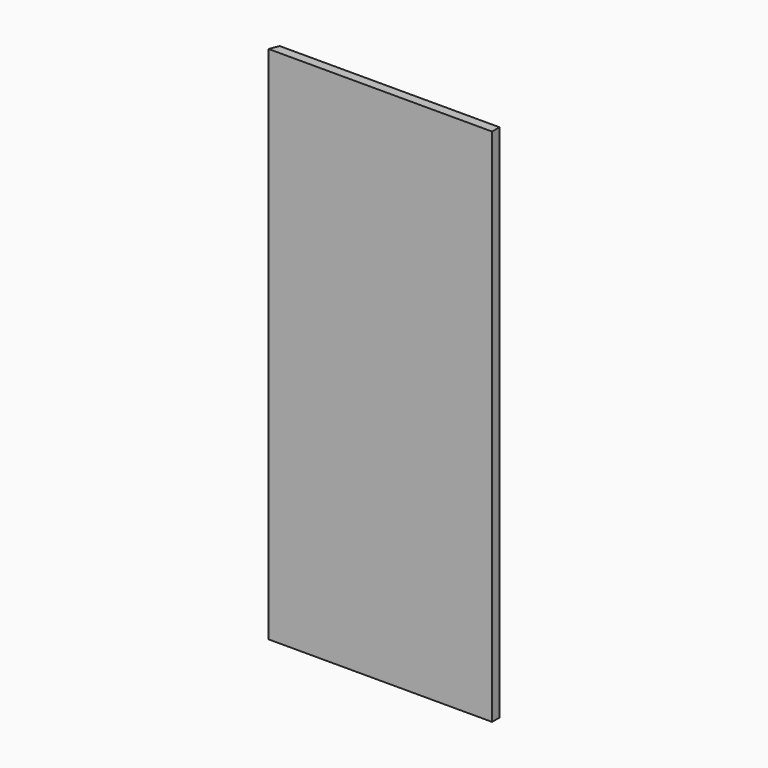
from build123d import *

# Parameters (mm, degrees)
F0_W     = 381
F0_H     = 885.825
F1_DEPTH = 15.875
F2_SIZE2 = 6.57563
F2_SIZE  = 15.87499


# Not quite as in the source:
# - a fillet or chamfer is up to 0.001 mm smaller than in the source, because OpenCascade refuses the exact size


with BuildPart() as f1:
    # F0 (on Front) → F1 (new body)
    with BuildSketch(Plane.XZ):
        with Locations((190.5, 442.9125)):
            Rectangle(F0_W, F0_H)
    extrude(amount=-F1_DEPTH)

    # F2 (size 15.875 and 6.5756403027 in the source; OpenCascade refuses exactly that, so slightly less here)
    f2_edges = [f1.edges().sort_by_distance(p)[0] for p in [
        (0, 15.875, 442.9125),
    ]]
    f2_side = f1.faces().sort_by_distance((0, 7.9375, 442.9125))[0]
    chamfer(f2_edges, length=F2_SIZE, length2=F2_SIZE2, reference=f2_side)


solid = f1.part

══════

Drop the pictures and reproduce the rest of the entries above exactly.

*Your solution*.
from build123d import *

# Parameters (mm, degrees)
F0_W     = 381
F0_H     = 885.825
F1_DEPTH = 15.875
F2_SIZE2 = 6.57563
F2_SIZE  = 15.87499


# Not quite as in the source:
# - a fillet or chamfer is up to 0.001 mm smaller than in the source, because OpenCascade refuses the exact size


with BuildPart() as f1:
    # F0 (on Front) → F1 (new body)
    with BuildSketch(Plane.XZ):
        with Locations((190.5, 442.9125)):
            Rectangle(F0_W, F0_H)
    extrude(amount=-F1_DEPTH)

    # F2 (size 15.875 and 6.5756403027 in the source; OpenCascade refuses exactly that, so slightly less here)
    f2_edges = [f1.edges().sort_by_distance(p)[0] for p in [
        (0, 15.875, 442.9125),
    ]]
    f2_side = f1.faces().sort_by_distance((0, 7.9375, 442.9125))[0]
    chamfer(f2_edges, length=F2_SIZE, length2=F2_SIZE2, reference=f2_side)


solid = f1.part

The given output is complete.